(Items from a data source)
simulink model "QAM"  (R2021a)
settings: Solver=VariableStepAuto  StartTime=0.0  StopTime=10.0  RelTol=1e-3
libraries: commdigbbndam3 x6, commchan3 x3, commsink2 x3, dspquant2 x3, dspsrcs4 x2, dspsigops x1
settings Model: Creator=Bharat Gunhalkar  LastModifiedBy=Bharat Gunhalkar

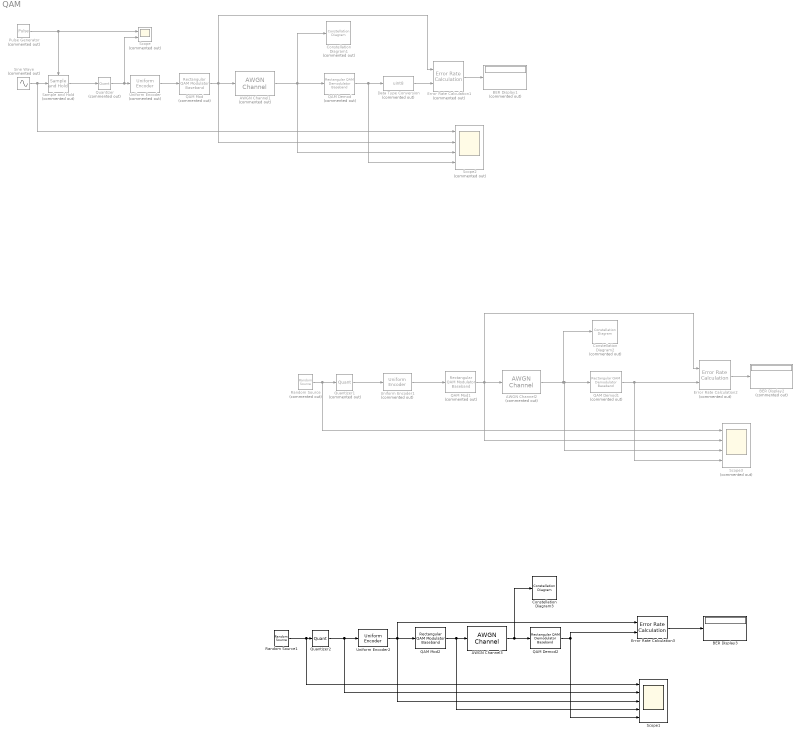
== system QAM ==
  AWGN Channel1 : commchan3/AWGN Channel  Commented=on  InputProcessing=Columns as channels (frame based)  seed=67  noiseMode="Signal to noise ratio  (Eb/No)"  EbNodB=1  EsNodB=10  SNRdB=10  bitsPerSym=1  Ps=1  Tsym=1  variance=1
  AWGN Channel2 : commchan3/AWGN Channel  Commented=on  InputProcessing=Columns as channels (frame based)  seed=67  noiseMode="Signal to noise ratio  (Eb/No)"  EbNodB=1  EsNodB=10  SNRdB=10  bitsPerSym=1  Ps=1  Tsym=1  variance=1
  AWGN Channel3 : commchan3/AWGN Channel  InputProcessing=Columns as channels (frame based)  seed=67  noiseMode="Signal to noise ratio  (Eb/No)"  EbNodB=1  EsNodB=10  SNRdB=10  bitsPerSym=1  Ps=1  Tsym=1  variance=1
  BER Display1 : Display  Commented=on
  BER Display2 : Display  Commented=on
  BER Display3 : Display
  Constellation Diagram1 : ConstellationDiagram  Commented=on
  Constellation Diagram2 : ConstellationDiagram  Commented=on
  Constellation Diagram3 : ConstellationDiagram
  Data Type Conversion : DataTypeConversion  Commented=on  OutDataTypeStr=uint8
  Error Rate Calculation1 : commsink2/Error Rate Calculation  Commented=on  N=0  st_delay=0  cp_mode=Entire frame  subframe=[]  PMode=Port  WsName=ErrorVec  RsMode2=off  stop=off  numErr=100  maxBits=1e6
  Error Rate Calculation2 : commsink2/Error Rate Calculation  Commented=on  N=0  st_delay=0  cp_mode=Entire frame  subframe=[]  PMode=Port  WsName=ErrorVec  RsMode2=off  stop=off  numErr=100  maxBits=1e6
  Error Rate Calculation3 : commsink2/Error Rate Calculation  N=0  st_delay=0  cp_mode=Entire frame  subframe=[]  PMode=Port  WsName=ErrorVec  RsMode2=off  stop=off  numErr=100  maxBits=1e6
  Pulse Generator : DiscretePulseGenerator  Commented=on  Period=1000  PulseWidth=5
  QAM Demod : commdigbbndam3/Rectangular QAM Demodulator Baseband  Commented=on  M=16  OutType=Integer  DecType=Hard decision  VarSource=Dialog  Variance=1  Dec=Gray  Mapping=[0:15]  PowType=Min. distance between symbols  MinDist=2  AvgPow=1  PeakPow=1  Ph=0  outDtype1=Inherit via internal rule  outDtype2=Inherit via internal rule  derotateFactorWordLen=16  derotateFactorDataTypeStr=Inherit: Same word length as input  derotateFactorLastDataTypeStr=Inherit: Same word length as input  denormFactorWordLen=16  denormFactorDataTypeStr=Inherit: Same word length as input  denormFactorLastDataTypeStr=Inherit: Same word length as input  prodOutWordLen=32  prodOutOverflowMode=Wrap  prodOutRoundingMode=Floor  prodOutOvFlMode=off  prodOutOvFlModeLastStrValue=off  sumWordLen=32
  QAM Demod1 : commdigbbndam3/Rectangular QAM Demodulator Baseband  Commented=on  M=16  OutType=Integer  DecType=Hard decision  VarSource=Dialog  Variance=1  Dec=Gray  Mapping=[0:15]  PowType=Min. distance between symbols  MinDist=2  AvgPow=1  PeakPow=1  Ph=0  outDtype1=Inherit via internal rule  outDtype2=Inherit via internal rule  derotateFactorWordLen=16  derotateFactorDataTypeStr=Inherit: Same word length as input  derotateFactorLastDataTypeStr=Inherit: Same word length as input  denormFactorWordLen=16  denormFactorDataTypeStr=Inherit: Same word length as input  denormFactorLastDataTypeStr=Inherit: Same word length as input  prodOutWordLen=32  prodOutOverflowMode=Wrap  prodOutRoundingMode=Floor  prodOutOvFlMode=off  prodOutOvFlModeLastStrValue=off  sumWordLen=32
  QAM Demod2 : commdigbbndam3/Rectangular QAM Demodulator Baseband  M=16  OutType=Integer  DecType=Hard decision  VarSource=Dialog  Variance=1  Dec=Gray  Mapping=[0:15]  PowType=Min. distance between symbols  MinDist=2  AvgPow=1  PeakPow=1  Ph=0  outDtype1=Inherit via internal rule  outDtype2=Inherit via internal rule  derotateFactorWordLen=16  derotateFactorDataTypeStr=Inherit: Same word length as input  derotateFactorLastDataTypeStr=Inherit: Same word length as input  denormFactorWordLen=16  denormFactorDataTypeStr=Inherit: Same word length as input  denormFactorLastDataTypeStr=Inherit: Same word length as input  prodOutWordLen=32  prodOutOverflowMode=Wrap  prodOutRoundingMode=Floor  prodOutOvFlMode=off  prodOutOvFlModeLastStrValue=off  sumWordLen=32
  QAM Mod : commdigbbndam3/Rectangular QAM Modulator Baseband  Commented=on  M=16  InType=Integer  Enc=Gray  Mapping=[0:15]  PowType=Min. distance between symbols  MinDist=2  AvgPow=1  PeakPow=1  Ph=0  outDtype=double  outWordLen=16  outUDDataType=sfix(16)  outFracLenMode=Best precision  outFracLen=15  outDataTypeStr=double  outLastDataTypeStr=double
  QAM Mod1 : commdigbbndam3/Rectangular QAM Modulator Baseband  Commented=on  M=16  InType=Integer  Enc=Gray  Mapping=[0:15]  PowType=Min. distance between symbols  MinDist=2  AvgPow=1  PeakPow=1  Ph=0  outDtype=double  outWordLen=16  outUDDataType=sfix(16)  outFracLenMode=Best precision  outFracLen=15  outDataTypeStr=double  outLastDataTypeStr=double
  QAM Mod2 : commdigbbndam3/Rectangular QAM Modulator Baseband  M=16  InType=Integer  Enc=Gray  Mapping=[0:15]  PowType=Min. distance between symbols  MinDist=2  AvgPow=1  PeakPow=1  Ph=0  outDtype=double  outWordLen=16  outUDDataType=sfix(16)  outFracLenMode=Best precision  outFracLen=15  outDataTypeStr=double  outLastDataTypeStr=double
  Quantizer : Quantizer  Commented=on  QuantizationInterval=0.25  LinearizeAsGain=off
  Quantizer1 : Quantizer  Commented=on  QuantizationInterval=0.25  LinearizeAsGain=off
  Quantizer2 : Quantizer  QuantizationInterval=0.25  LinearizeAsGain=off
  Random Source : dspsrcs4/Random Source  Commented=on  SrcType=Uniform  NormMethod=Ziggurat  CltLength=12  MinVal=0  MaxVal=1  MeanVal=0  VarVal=1  RepMode=Not repeatable  rawSeed=1  IsInherit=off  SampMode=Discrete  SampTime=0.1  SampFrame=1  DataType=Single  OutComplex=Real  OutputFrames=off
  Random Source1 : dspsrcs4/Random Source  SrcType=Uniform  NormMethod=Ziggurat  CltLength=12  MinVal=0  MaxVal=1  MeanVal=0  VarVal=1  RepMode=Not repeatable  rawSeed=1  IsInherit=off  SampMode=Discrete  SampTime=0.1  SampFrame=1  DataType=Single  OutComplex=Real  OutputFrames=off
  Sample and Hold : dspsigops/Sample and Hold  Commented=on  trig=Rising edge  initCond=0  latchinput=off
  Scope : Scope  Commented=on  NumInputPorts=2
  Scope1 : Scope  NumInputPorts=5
  Scope2 : Scope  Commented=on  NumInputPorts=4
  Scope3 : Scope  Commented=on  NumInputPorts=4
  Sine Wave : Sin  Commented=on  Amplitude=10  SampleTime=0
  Uniform Encoder : dspquant2/Uniform Encoder  Commented=on  peak=1  bits=4  otype=Unsigned integer
  Uniform Encoder1 : dspquant2/Uniform Encoder  Commented=on  peak=1  bits=4  otype=Unsigned integer
  Uniform Encoder2 : dspquant2/Uniform Encoder  peak=1  bits=4  otype=Unsigned integer
  wires:
  Uniform Encoder/1 -> QAM Mod/1
  Data Type Conversion/1 -> Error Rate Calculation1/2
  Quantizer/1 -> Scope/2, Uniform Encoder/1
  Pulse Generator/1 -> Sample and Hold/Trigger, Scope/1
  Sample and Hold/1 -> Quantizer/1
  QAM Mod/1 -> Scope2/2, Error Rate Calculation1/1, AWGN Channel1/1
  Sine Wave/1 -> Scope2/1, Sample and Hold/1
  AWGN Channel1/1 -> Scope2/3, QAM Demod/1, Constellation Diagram1/1
  QAM Demod/1 -> Scope2/4, Data Type Conversion/1
  Error Rate Calculation1/1 -> BER Display1/1
  Error Rate Calculation2/1 -> BER Display2/1
  AWGN Channel2/1 -> Scope3/3, QAM Demod1/1, Constellation Diagram2/1
  QAM Mod1/1 -> Scope3/2, Error Rate Calculation2/1, AWGN Channel2/1
  QAM Demod1/1 -> Error Rate Calculation2/2, Scope3/4
  Uniform Encoder1/1 -> QAM Mod1/1
  Random Source/1 -> Scope3/1, Quantizer1/1
  Quantizer1/1 -> Uniform Encoder1/1
  QAM Demod2/1 -> Error Rate Calculation3/2, Scope1/5
  Random Source1/1 -> Scope1/1, Quantizer2/1
  Error Rate Calculation3/1 -> BER Display3/1
  Quantizer2/1 -> Uniform Encoder2/1, Scope1/2
  Uniform Encoder2/1 -> QAM Mod2/1, Error Rate Calculation3/1, Scope1/3
  AWGN Channel3/1 -> QAM Demod2/1, Constellation Diagram3/1
  QAM Mod2/1 -> AWGN Channel3/1, Scope1/4

Aim of the task -> Each line above that contains "Entire" counts once; report the resulting number and nothing else.

Final answer -> 3